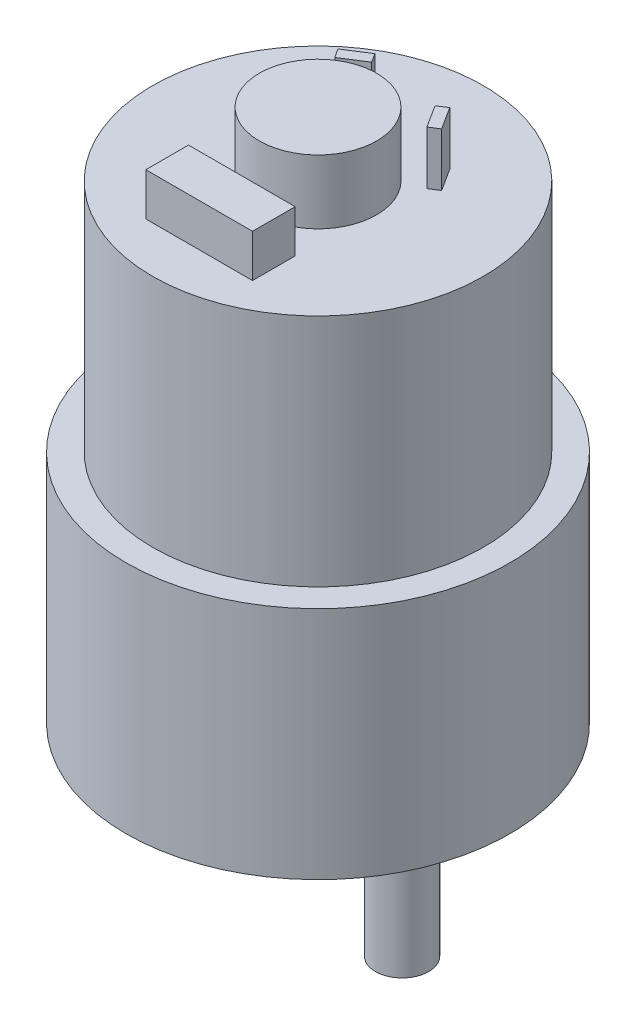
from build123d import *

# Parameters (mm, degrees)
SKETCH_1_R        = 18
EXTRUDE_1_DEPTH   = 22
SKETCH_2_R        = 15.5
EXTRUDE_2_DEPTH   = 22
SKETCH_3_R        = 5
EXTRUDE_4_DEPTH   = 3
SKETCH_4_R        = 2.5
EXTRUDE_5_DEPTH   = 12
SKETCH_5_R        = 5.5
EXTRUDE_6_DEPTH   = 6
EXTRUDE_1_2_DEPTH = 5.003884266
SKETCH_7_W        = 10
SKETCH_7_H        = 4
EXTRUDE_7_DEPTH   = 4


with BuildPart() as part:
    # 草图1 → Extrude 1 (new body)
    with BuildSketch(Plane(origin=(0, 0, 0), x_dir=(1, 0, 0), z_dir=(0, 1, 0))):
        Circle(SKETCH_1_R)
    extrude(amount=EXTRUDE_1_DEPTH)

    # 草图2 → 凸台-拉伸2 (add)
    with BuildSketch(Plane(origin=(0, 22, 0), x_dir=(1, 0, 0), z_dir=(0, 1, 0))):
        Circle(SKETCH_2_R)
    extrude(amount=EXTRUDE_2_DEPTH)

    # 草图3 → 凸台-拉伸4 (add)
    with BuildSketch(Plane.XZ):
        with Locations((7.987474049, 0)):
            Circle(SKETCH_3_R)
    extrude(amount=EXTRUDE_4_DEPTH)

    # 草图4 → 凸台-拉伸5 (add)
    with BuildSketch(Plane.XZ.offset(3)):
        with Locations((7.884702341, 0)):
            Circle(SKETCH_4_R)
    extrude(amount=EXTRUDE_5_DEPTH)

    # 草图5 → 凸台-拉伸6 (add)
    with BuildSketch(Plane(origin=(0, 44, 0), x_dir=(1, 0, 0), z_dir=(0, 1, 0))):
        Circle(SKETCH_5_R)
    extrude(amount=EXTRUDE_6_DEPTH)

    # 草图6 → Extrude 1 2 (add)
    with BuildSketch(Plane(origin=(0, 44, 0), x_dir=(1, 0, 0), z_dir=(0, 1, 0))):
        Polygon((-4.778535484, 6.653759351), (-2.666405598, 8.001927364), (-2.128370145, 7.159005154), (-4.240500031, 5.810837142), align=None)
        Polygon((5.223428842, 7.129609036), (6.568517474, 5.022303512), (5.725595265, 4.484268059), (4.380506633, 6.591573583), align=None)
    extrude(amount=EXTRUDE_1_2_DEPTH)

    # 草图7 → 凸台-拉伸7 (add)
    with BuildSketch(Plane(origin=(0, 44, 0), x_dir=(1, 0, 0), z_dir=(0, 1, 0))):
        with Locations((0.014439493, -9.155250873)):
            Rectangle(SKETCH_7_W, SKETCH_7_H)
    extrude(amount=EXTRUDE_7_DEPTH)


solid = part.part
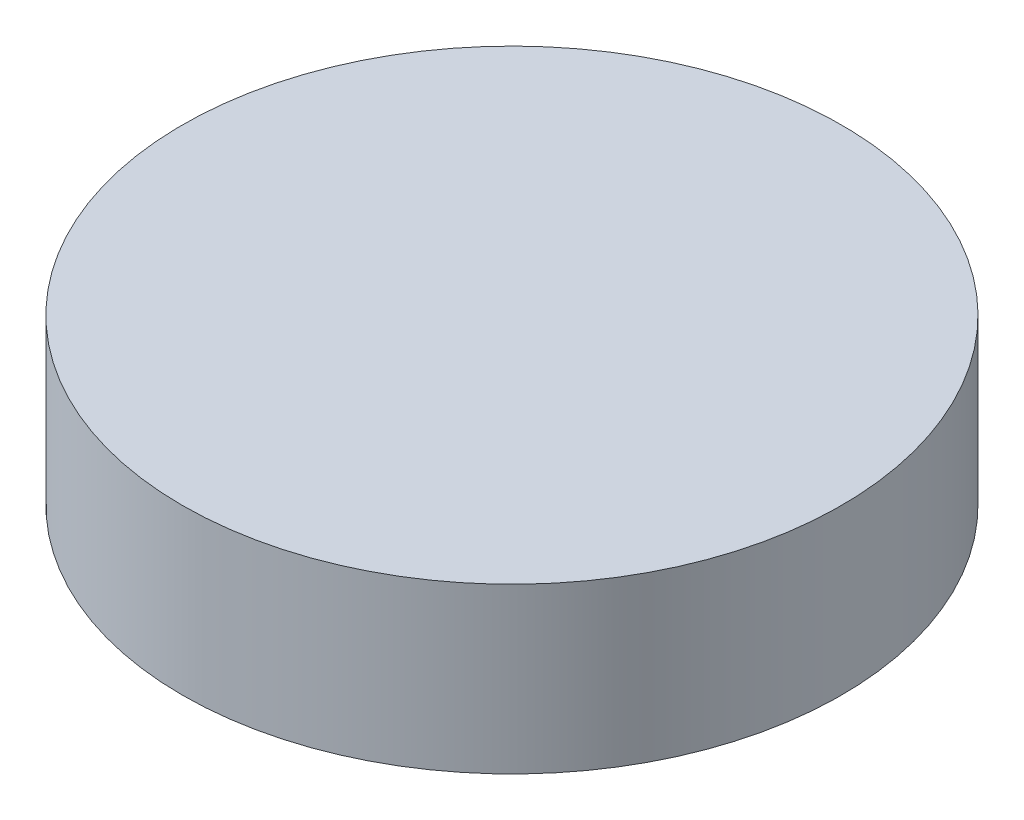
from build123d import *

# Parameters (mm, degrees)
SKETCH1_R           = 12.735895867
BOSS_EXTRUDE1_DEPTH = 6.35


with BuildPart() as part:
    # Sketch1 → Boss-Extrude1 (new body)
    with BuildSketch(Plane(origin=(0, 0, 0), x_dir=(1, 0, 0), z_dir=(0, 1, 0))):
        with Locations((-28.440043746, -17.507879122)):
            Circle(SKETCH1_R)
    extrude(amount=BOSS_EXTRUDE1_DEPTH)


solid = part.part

* * *

(YOUR INSTRUCTIONS)
Check each line of the listing above, and copy it if it contains the word "Circle".

(YOUR RESPONSE)
        Circle(SKETCH_1_R)
        Circle(SKETCH_2_R)
            Circle(SKETCH_3_R)
            Circle(SKETCH_4_R)
        Circle(SKETCH_5_R)
            Circle(SKETCH1_R)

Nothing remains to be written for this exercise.